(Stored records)
==*==

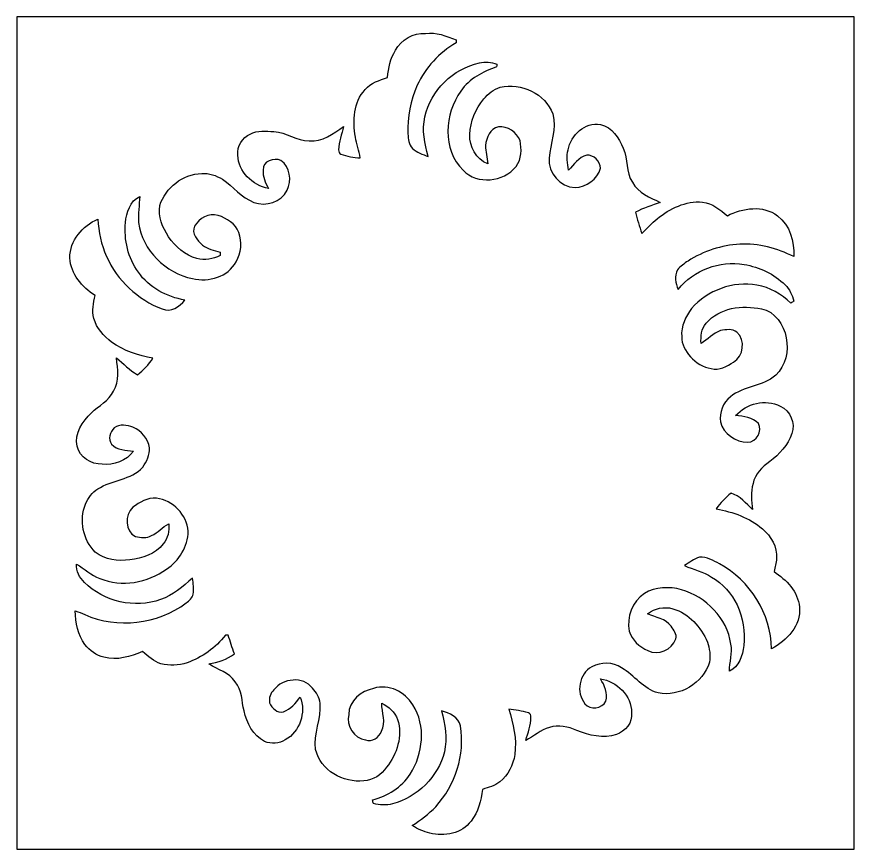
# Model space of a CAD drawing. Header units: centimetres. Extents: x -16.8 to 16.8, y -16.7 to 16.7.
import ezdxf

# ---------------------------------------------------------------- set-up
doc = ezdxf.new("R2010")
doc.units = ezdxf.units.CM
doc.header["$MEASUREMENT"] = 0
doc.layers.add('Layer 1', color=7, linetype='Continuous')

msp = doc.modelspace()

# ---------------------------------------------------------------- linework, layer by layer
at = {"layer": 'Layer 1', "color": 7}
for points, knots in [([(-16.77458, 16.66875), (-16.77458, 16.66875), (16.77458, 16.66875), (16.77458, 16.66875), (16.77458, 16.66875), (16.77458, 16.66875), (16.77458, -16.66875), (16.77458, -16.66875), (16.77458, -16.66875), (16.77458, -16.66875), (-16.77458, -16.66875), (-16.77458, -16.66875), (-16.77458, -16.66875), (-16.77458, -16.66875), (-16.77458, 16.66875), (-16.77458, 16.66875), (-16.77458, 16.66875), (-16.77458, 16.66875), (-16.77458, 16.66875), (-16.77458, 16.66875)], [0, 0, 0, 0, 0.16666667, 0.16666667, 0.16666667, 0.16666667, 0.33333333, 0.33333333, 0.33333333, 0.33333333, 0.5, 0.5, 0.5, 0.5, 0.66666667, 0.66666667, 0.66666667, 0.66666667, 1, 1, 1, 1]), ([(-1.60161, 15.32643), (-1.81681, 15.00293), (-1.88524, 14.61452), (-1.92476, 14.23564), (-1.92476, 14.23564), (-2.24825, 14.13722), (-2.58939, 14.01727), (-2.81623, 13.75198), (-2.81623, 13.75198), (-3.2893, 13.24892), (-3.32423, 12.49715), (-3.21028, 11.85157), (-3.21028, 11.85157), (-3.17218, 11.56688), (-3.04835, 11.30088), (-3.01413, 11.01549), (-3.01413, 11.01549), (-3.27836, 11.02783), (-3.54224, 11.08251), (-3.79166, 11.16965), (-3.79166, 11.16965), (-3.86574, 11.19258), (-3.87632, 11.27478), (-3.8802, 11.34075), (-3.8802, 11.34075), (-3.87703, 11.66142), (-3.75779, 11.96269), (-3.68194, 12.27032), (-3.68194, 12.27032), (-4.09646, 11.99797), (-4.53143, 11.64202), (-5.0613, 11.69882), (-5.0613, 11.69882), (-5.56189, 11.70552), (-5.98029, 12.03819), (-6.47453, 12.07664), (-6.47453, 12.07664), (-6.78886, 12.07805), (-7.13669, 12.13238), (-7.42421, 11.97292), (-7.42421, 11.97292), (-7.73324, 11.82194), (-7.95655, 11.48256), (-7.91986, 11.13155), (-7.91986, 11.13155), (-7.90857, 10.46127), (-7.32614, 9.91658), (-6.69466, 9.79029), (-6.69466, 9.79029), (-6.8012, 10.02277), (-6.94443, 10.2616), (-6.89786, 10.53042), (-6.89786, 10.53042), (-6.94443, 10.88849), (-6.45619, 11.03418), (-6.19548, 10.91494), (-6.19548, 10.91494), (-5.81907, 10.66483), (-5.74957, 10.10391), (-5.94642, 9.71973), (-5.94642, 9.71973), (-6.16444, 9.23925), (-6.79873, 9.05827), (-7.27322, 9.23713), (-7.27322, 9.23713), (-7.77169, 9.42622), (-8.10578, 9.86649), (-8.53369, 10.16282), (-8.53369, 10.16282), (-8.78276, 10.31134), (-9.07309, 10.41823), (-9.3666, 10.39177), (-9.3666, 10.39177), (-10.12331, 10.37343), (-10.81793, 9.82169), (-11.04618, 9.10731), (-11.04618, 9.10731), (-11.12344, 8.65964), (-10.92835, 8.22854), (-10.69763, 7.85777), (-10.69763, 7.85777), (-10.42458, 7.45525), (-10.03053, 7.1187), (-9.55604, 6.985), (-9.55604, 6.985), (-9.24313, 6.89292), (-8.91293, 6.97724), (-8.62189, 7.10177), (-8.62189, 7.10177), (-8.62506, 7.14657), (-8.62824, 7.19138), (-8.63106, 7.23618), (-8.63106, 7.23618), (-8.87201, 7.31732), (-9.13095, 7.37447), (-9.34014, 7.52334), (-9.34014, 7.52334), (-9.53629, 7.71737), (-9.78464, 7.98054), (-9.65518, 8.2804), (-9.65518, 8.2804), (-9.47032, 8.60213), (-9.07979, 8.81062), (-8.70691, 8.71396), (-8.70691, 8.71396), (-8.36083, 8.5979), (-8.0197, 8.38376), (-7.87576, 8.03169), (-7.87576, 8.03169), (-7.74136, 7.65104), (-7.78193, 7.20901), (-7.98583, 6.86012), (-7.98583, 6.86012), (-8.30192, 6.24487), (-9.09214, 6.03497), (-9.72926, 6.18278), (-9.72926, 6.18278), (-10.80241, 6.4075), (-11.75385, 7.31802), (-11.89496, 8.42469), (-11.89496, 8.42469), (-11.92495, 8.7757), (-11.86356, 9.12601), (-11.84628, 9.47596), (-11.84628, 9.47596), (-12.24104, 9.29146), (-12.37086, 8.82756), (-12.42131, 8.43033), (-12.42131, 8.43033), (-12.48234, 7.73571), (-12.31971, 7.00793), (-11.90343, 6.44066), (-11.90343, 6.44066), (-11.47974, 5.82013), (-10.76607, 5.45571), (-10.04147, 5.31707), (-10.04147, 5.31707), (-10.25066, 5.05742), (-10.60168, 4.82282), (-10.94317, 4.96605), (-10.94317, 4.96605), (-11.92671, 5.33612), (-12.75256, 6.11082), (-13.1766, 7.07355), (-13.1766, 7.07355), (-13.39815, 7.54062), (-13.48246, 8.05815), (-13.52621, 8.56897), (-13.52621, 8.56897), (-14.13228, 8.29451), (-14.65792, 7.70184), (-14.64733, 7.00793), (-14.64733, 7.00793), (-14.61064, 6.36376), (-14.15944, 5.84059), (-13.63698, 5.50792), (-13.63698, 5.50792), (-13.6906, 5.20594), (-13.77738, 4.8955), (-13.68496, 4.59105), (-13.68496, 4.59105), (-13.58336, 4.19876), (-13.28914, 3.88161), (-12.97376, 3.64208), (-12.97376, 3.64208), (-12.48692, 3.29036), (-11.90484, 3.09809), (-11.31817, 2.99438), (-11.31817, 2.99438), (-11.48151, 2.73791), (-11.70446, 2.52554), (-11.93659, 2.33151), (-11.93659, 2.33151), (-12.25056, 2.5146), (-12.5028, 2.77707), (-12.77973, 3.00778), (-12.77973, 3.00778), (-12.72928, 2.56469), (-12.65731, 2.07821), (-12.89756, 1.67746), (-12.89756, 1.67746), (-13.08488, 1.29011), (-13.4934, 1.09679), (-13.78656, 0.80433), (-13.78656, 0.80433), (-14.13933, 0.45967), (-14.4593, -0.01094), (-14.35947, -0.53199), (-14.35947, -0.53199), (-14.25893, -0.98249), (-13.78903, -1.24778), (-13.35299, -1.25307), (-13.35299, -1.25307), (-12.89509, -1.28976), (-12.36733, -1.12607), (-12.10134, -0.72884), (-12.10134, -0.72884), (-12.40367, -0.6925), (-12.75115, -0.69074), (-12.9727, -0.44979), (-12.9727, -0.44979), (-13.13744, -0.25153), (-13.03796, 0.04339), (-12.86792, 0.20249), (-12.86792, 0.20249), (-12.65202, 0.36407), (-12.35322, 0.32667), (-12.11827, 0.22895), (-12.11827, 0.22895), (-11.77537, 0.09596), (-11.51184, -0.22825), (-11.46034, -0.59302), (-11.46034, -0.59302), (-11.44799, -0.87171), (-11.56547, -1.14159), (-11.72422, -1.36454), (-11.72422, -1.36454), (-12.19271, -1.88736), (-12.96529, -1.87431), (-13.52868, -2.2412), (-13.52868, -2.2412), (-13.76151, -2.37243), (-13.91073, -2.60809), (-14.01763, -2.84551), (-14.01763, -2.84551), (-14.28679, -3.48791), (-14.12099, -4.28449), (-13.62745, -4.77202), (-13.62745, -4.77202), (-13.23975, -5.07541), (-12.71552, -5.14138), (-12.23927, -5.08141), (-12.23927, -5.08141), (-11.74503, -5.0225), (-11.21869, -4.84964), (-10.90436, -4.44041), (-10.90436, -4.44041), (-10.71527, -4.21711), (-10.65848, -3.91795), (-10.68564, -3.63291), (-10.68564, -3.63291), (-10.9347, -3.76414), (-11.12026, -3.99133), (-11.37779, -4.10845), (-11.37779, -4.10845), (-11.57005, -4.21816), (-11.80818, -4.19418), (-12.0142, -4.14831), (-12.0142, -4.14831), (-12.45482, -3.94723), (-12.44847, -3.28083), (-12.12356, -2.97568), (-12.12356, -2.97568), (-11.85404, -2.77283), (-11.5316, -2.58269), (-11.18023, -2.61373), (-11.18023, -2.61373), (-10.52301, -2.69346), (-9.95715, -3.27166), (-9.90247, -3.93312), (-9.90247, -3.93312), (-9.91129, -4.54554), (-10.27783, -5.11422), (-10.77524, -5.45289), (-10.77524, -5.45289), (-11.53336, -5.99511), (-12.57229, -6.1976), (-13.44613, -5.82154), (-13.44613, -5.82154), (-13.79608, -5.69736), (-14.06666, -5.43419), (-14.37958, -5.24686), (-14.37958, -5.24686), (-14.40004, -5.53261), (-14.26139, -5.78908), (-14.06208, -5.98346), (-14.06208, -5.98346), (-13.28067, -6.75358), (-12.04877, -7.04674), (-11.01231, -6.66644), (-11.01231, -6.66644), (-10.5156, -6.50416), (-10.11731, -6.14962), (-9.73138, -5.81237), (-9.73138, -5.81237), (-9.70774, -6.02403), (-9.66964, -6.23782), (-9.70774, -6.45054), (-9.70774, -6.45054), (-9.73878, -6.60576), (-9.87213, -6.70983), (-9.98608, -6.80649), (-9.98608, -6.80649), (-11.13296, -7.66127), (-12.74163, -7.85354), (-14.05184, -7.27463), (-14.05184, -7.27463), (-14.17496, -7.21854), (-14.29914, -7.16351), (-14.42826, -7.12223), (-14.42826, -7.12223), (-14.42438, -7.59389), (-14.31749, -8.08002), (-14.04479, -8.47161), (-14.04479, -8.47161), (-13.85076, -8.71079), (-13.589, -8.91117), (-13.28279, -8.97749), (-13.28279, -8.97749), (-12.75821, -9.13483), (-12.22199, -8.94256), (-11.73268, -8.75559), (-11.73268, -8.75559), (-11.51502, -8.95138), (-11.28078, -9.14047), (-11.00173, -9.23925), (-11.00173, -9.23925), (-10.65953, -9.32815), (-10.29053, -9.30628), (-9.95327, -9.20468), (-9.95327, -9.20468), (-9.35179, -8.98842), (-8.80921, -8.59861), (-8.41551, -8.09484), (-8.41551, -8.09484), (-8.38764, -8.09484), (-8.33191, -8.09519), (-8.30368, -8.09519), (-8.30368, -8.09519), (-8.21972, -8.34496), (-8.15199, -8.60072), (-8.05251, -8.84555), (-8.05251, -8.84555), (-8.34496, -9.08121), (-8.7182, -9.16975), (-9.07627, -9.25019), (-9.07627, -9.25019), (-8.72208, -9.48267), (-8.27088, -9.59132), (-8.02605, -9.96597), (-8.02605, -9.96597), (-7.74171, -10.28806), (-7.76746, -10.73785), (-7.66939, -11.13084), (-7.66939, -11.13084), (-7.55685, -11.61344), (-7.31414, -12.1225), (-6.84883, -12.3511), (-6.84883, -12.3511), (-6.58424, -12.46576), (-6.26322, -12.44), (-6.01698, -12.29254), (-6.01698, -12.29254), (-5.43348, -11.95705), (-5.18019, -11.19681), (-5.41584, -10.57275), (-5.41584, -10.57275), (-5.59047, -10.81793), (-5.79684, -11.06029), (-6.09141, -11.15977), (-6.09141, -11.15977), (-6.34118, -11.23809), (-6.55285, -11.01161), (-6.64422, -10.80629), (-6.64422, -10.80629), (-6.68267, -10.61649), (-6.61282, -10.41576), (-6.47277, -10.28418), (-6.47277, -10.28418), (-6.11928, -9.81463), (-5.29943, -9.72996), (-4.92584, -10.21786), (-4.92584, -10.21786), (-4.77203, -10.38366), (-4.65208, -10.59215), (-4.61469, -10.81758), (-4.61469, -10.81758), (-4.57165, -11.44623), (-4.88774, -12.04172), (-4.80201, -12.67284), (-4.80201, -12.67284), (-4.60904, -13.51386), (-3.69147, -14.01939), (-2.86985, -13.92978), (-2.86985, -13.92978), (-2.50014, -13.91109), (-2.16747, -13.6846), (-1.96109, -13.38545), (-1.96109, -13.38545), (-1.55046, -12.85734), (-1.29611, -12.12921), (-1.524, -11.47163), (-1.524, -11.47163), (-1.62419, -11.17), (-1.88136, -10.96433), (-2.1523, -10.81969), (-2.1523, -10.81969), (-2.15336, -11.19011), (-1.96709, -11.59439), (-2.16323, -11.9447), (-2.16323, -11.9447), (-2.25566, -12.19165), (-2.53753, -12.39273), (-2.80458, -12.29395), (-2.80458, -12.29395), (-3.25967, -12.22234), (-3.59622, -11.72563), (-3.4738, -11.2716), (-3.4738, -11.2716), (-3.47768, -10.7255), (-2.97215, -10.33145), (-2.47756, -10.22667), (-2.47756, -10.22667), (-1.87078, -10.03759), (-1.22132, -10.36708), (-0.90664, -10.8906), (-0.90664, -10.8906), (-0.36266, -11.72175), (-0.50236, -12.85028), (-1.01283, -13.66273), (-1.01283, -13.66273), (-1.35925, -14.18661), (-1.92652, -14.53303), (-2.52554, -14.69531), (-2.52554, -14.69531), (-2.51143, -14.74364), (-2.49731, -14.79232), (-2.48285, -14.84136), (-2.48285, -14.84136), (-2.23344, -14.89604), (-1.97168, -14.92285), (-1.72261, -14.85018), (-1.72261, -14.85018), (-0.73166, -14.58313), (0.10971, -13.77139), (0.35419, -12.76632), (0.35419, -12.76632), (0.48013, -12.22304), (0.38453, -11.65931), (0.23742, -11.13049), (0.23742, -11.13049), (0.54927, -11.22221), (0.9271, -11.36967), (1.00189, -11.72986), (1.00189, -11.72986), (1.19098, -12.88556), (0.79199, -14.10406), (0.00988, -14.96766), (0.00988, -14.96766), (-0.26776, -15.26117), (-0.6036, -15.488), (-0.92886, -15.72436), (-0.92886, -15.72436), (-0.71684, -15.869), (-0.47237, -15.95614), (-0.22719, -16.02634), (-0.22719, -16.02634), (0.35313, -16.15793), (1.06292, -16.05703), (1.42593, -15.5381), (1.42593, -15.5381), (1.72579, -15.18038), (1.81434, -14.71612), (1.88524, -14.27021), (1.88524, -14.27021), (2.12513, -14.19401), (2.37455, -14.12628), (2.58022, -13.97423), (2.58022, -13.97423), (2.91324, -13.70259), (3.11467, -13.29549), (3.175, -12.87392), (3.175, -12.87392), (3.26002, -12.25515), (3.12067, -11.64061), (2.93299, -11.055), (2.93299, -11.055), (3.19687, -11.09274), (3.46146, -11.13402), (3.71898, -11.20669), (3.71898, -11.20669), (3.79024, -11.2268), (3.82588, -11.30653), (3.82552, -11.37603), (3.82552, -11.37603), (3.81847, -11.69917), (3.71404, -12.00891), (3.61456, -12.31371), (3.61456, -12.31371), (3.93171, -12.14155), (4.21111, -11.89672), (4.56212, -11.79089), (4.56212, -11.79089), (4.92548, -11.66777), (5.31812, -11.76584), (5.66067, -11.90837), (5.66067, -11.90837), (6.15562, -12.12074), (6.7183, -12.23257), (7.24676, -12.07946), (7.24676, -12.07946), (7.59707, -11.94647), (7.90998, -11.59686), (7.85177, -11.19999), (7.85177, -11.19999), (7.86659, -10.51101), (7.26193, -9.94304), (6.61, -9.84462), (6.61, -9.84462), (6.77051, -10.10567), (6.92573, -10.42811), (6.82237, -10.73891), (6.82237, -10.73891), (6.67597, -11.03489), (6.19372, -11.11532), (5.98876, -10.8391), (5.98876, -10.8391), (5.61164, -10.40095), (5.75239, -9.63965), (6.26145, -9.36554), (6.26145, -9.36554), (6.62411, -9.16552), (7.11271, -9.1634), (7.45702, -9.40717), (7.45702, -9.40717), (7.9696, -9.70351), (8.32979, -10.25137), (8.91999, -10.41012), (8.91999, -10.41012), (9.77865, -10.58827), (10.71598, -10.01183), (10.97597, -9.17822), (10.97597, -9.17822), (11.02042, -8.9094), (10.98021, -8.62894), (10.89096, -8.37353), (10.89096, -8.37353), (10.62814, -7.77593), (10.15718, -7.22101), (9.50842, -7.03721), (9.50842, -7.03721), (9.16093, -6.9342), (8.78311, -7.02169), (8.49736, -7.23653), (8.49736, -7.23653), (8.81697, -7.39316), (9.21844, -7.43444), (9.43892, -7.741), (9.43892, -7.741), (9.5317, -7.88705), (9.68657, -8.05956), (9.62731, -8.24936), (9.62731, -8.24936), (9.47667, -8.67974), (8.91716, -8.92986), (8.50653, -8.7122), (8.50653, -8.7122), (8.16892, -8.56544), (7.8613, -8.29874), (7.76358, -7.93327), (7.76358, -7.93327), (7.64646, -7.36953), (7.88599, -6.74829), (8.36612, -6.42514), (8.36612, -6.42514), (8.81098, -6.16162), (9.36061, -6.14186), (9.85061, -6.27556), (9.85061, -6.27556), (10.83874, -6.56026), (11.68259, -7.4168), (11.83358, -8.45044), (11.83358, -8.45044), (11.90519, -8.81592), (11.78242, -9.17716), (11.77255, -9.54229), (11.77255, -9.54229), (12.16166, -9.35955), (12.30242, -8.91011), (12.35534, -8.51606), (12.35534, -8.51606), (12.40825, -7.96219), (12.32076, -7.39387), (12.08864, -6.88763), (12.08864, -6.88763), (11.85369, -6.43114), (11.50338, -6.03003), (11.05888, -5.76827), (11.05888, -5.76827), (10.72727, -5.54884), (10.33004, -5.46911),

==*==

**ASSIGNMENT**
Search each line of the data above for "units", and copy the lines where it occurs.

**RESPONSE**
# Model space of a CAD drawing. Header units: centimetres. Extents: x -16.8 to 16.8, y -16.7 to 16.7.
doc.units = ezdxf.units.CM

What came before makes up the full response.